##### PROVIDED RECORDS
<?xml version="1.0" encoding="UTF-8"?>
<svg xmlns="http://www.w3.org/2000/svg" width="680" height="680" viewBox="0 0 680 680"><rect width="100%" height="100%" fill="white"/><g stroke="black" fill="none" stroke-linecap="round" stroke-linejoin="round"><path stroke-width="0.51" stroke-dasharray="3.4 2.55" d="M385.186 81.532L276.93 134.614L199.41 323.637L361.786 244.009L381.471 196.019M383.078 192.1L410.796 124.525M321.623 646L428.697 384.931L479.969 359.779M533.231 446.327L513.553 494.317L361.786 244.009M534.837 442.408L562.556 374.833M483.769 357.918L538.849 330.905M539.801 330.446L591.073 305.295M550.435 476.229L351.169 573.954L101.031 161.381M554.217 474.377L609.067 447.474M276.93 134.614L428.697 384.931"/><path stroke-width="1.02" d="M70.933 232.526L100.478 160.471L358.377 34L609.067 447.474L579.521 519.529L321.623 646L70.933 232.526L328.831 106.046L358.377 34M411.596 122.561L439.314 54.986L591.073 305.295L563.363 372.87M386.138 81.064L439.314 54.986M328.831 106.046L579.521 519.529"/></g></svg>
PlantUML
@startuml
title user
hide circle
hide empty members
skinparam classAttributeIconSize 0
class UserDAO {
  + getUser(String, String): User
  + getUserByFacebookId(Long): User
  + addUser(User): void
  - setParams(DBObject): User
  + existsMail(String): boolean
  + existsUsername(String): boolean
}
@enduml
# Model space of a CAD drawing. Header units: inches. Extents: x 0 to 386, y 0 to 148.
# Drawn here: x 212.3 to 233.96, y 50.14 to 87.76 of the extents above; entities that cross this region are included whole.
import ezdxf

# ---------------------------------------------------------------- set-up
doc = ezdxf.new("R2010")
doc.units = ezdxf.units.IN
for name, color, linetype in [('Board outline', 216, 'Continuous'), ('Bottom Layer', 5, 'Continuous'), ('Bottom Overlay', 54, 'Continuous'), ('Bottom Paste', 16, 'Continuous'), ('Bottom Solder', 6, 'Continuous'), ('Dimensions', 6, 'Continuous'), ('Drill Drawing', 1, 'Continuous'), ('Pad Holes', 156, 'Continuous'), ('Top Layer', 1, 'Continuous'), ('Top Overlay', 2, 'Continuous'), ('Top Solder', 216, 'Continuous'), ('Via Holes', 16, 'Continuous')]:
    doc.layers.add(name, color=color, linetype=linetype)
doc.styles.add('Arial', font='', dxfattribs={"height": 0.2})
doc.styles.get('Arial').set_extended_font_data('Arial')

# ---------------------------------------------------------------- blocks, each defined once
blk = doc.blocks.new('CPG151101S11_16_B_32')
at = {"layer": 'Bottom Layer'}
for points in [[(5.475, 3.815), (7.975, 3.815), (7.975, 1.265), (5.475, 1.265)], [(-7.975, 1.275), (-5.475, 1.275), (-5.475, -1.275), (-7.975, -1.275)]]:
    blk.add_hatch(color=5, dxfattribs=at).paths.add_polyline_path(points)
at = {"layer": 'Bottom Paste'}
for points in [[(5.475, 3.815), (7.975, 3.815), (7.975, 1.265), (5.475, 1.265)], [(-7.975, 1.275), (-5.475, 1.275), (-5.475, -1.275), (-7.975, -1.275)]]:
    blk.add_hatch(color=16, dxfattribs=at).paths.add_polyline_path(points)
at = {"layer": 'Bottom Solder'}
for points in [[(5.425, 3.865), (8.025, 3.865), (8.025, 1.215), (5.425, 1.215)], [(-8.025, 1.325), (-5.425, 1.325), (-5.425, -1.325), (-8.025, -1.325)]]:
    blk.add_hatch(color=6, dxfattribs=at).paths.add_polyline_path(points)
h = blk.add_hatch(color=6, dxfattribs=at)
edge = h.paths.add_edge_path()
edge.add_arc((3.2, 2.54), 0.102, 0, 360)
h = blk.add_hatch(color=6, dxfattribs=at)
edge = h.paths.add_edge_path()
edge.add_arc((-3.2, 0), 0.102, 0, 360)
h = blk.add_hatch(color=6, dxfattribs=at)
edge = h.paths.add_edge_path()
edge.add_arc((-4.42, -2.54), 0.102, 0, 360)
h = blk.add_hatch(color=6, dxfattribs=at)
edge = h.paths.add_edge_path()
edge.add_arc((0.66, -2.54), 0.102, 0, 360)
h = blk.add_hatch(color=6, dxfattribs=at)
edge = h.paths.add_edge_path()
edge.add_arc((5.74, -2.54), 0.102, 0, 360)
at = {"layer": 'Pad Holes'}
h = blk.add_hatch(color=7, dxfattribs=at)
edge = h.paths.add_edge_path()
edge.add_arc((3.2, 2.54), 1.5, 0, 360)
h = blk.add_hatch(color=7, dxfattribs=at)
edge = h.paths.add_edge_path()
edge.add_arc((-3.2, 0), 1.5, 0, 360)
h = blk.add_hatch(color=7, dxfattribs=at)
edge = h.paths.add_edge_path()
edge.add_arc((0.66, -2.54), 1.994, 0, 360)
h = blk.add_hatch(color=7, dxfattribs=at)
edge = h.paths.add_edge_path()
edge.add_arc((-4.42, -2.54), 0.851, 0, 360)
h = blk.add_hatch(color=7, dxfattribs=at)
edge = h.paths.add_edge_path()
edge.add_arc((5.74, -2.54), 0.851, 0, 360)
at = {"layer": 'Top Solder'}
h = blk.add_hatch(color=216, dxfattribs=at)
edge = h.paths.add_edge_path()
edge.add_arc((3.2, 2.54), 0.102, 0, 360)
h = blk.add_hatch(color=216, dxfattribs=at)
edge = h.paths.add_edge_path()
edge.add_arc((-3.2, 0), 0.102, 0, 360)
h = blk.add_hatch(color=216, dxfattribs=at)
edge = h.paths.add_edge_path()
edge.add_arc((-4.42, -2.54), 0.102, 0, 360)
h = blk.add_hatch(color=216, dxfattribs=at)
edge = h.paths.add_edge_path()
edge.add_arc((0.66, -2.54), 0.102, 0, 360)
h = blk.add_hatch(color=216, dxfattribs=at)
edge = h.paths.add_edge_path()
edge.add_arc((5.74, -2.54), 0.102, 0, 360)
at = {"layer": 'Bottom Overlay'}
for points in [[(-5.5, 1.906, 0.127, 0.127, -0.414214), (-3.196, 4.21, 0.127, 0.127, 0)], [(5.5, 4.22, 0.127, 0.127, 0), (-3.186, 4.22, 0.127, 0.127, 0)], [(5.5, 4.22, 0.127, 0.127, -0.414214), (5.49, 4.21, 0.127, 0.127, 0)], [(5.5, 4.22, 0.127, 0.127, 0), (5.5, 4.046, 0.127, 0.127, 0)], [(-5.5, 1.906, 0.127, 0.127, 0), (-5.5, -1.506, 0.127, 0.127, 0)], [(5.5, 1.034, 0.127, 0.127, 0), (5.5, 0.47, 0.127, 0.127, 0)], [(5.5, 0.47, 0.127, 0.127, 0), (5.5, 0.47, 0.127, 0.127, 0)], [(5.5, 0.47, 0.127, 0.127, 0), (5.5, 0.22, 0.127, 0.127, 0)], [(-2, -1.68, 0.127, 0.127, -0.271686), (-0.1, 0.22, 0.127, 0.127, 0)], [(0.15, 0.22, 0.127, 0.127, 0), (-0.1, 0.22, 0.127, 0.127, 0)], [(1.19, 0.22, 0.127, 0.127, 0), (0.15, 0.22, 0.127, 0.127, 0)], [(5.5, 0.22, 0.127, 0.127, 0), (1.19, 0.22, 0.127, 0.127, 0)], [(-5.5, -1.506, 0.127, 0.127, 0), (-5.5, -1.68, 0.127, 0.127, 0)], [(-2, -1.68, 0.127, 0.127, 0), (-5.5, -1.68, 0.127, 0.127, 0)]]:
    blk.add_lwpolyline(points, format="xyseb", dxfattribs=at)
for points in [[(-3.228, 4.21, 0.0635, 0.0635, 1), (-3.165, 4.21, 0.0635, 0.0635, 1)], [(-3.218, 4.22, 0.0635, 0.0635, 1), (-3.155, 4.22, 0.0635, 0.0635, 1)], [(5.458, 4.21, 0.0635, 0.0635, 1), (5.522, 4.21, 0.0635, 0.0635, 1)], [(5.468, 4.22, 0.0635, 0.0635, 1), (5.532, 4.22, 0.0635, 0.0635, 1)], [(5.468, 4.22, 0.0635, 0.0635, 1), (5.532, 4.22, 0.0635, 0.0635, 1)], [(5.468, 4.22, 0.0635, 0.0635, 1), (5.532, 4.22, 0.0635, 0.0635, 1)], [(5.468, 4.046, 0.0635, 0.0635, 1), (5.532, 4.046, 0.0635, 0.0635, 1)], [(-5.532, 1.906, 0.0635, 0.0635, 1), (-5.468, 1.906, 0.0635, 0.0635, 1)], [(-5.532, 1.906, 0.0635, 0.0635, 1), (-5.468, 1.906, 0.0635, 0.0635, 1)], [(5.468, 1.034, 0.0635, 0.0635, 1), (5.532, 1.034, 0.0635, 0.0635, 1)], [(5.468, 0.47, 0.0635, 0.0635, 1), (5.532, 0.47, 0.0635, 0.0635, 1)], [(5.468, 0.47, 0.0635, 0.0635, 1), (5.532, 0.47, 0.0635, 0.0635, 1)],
##########
THE PROBLEM:
Only the lines containing the word "Holes" should be returned from the data above.

REPLY:
for name, color, linetype in [('Board outline', 216, 'Continuous'), ('Bottom Layer', 5, 'Continuous'), ('Bottom Overlay', 54, 'Continuous'), ('Bottom Paste', 16, 'Continuous'), ('Bottom Solder', 6, 'Continuous'), ('Dimensions', 6, 'Continuous'), ('Drill Drawing', 1, 'Continuous'), ('Pad Holes', 156, 'Continuous'), ('Top Layer', 1, 'Continuous'), ('Top Overlay', 2, 'Continuous'), ('Top Solder', 216, 'Continuous'), ('Via Holes', 16, 'Continuous')]:
at = {"layer": 'Pad Holes'}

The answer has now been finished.